§ **Requirement**
Transcribe the entries below exactly as they appear.

§ **Stored items from a collection**
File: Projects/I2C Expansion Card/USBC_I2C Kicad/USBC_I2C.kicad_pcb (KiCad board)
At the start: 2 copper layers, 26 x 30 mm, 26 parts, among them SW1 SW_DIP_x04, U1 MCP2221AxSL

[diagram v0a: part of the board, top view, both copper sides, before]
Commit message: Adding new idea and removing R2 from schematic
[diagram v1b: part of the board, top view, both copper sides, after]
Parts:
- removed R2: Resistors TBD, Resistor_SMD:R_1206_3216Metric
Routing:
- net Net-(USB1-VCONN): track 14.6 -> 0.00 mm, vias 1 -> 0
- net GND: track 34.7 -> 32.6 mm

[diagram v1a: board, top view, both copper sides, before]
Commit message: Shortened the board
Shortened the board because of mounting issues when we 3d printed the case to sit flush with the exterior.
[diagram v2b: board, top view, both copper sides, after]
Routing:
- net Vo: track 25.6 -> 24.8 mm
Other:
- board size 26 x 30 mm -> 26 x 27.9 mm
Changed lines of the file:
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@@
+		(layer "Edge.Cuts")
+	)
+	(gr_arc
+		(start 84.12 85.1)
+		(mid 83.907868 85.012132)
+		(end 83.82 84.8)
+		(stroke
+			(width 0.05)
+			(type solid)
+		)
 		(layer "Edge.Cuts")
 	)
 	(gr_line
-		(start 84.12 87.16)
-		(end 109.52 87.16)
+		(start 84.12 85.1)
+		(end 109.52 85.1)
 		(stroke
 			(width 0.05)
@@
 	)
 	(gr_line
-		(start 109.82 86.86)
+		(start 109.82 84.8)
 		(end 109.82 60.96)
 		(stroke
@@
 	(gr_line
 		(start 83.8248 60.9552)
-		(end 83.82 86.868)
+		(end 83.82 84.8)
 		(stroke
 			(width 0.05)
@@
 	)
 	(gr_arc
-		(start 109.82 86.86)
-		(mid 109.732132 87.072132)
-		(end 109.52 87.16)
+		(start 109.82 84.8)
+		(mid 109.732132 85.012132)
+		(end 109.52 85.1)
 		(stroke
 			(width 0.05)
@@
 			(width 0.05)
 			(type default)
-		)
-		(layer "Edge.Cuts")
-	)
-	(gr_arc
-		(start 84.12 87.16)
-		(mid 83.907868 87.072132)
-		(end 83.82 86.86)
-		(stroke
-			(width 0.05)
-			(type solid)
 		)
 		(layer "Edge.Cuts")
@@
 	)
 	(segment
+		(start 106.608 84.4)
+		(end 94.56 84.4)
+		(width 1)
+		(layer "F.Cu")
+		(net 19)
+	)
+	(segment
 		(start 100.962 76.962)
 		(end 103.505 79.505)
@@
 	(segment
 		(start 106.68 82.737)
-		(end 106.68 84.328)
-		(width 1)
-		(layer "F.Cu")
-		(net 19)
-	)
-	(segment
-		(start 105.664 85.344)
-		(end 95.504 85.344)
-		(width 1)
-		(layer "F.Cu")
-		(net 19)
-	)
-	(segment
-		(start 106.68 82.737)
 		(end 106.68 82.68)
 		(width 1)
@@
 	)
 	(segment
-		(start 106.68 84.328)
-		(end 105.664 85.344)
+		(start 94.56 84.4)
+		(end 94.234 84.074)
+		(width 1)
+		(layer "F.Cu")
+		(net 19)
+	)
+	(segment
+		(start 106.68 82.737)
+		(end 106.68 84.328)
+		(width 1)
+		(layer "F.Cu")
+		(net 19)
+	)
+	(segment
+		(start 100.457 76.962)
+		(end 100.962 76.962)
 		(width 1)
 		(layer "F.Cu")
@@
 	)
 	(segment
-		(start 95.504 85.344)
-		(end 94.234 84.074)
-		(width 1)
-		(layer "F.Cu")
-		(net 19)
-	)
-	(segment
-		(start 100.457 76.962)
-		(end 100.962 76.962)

§ **Task output**
File: Projects/I2C Expansion Card/USBC_I2C Kicad/USBC_I2C.kicad_pcb (KiCad board)
At the start: 2 copper layers, 26 x 30 mm, 26 parts, among them SW1 SW_DIP_x04, U1 MCP2221AxSL

[diagram v0a: part of the board, top view, both copper sides, before]
Commit message: Adding new idea and removing R2 from schematic
[diagram v1b: part of the board, top view, both copper sides, after]
Parts:
- removed R2: Resistors TBD, Resistor_SMD:R_1206_3216Metric
Routing:
- net Net-(USB1-VCONN): track 14.6 -> 0.00 mm, vias 1 -> 0
- net GND: track 34.7 -> 32.6 mm

[diagram v1a: board, top view, both copper sides, before]
Commit message: Shortened the board
Shortened the board because of mounting issues when we 3d printed the case to sit flush with the exterior.
[diagram v2b: board, top view, both copper sides, after]
Routing:
- net Vo: track 25.6 -> 24.8 mm
Other:
- board size 26 x 30 mm -> 26 x 27.9 mm
Changed lines of the file:
@@
+		(layer "Edge.Cuts")
+	)
+	(gr_arc
+		(start 84.12 85.1)
+		(mid 83.907868 85.012132)
+		(end 83.82 84.8)
+		(stroke
+			(width 0.05)
+			(type solid)
+		)
 		(layer "Edge.Cuts")
 	)
 	(gr_line
-		(start 84.12 87.16)
-		(end 109.52 87.16)
+		(start 84.12 85.1)
+		(end 109.52 85.1)
 		(stroke
 			(width 0.05)
@@
 	)
 	(gr_line
-		(start 109.82 86.86)
+		(start 109.82 84.8)
 		(end 109.82 60.96)
 		(stroke
@@
 	(gr_line
 		(start 83.8248 60.9552)
-		(end 83.82 86.868)
+		(end 83.82 84.8)
 		(stroke
 			(width 0.05)
@@
 	)
 	(gr_arc
-		(start 109.82 86.86)
-		(mid 109.732132 87.072132)
-		(end 109.52 87.16)
+		(start 109.82 84.8)
+		(mid 109.732132 85.012132)
+		(end 109.52 85.1)
 		(stroke
 			(width 0.05)
@@
 			(width 0.05)
 			(type default)
-		)
-		(layer "Edge.Cuts")
-	)
-	(gr_arc
-		(start 84.12 87.16)
-		(mid 83.907868 87.072132)
-		(end 83.82 86.86)
-		(stroke
-			(width 0.05)
-			(type solid)
 		)
 		(layer "Edge.Cuts")
@@
 	)
 	(segment
+		(start 106.608 84.4)
+		(end 94.56 84.4)
+		(width 1)
+		(layer "F.Cu")
+		(net 19)
+	)
+	(segment
 		(start 100.962 76.962)
 		(end 103.505 79.505)
@@
 	(segment
 		(start 106.68 82.737)
-		(end 106.68 84.328)
-		(width 1)
-		(layer "F.Cu")
-		(net 19)
-	)
-	(segment
-		(start 105.664 85.344)
-		(end 95.504 85.344)
-		(width 1)
-		(layer "F.Cu")
-		(net 19)
-	)
-	(segment
-		(start 106.68 82.737)
 		(end 106.68 82.68)
 		(width 1)
@@
 	)
 	(segment
-		(start 106.68 84.328)
-		(end 105.664 85.344)
+		(start 94.56 84.4)
+		(end 94.234 84.074)
+		(width 1)
+		(layer "F.Cu")
+		(net 19)
+	)
+	(segment
+		(start 106.68 82.737)
+		(end 106.68 84.328)
+		(width 1)
+		(layer "F.Cu")
+		(net 19)
+	)
+	(segment
+		(start 100.457 76.962)
+		(end 100.962 76.962)
 		(width 1)
 		(layer "F.Cu")
@@
 	)
 	(segment
-		(start 95.504 85.344)
-		(end 94.234 84.074)
-		(width 1)
-		(layer "F.Cu")
-		(net 19)
-	)
-	(segment
-		(start 100.457 76.962)
-		(end 100.962 76.962)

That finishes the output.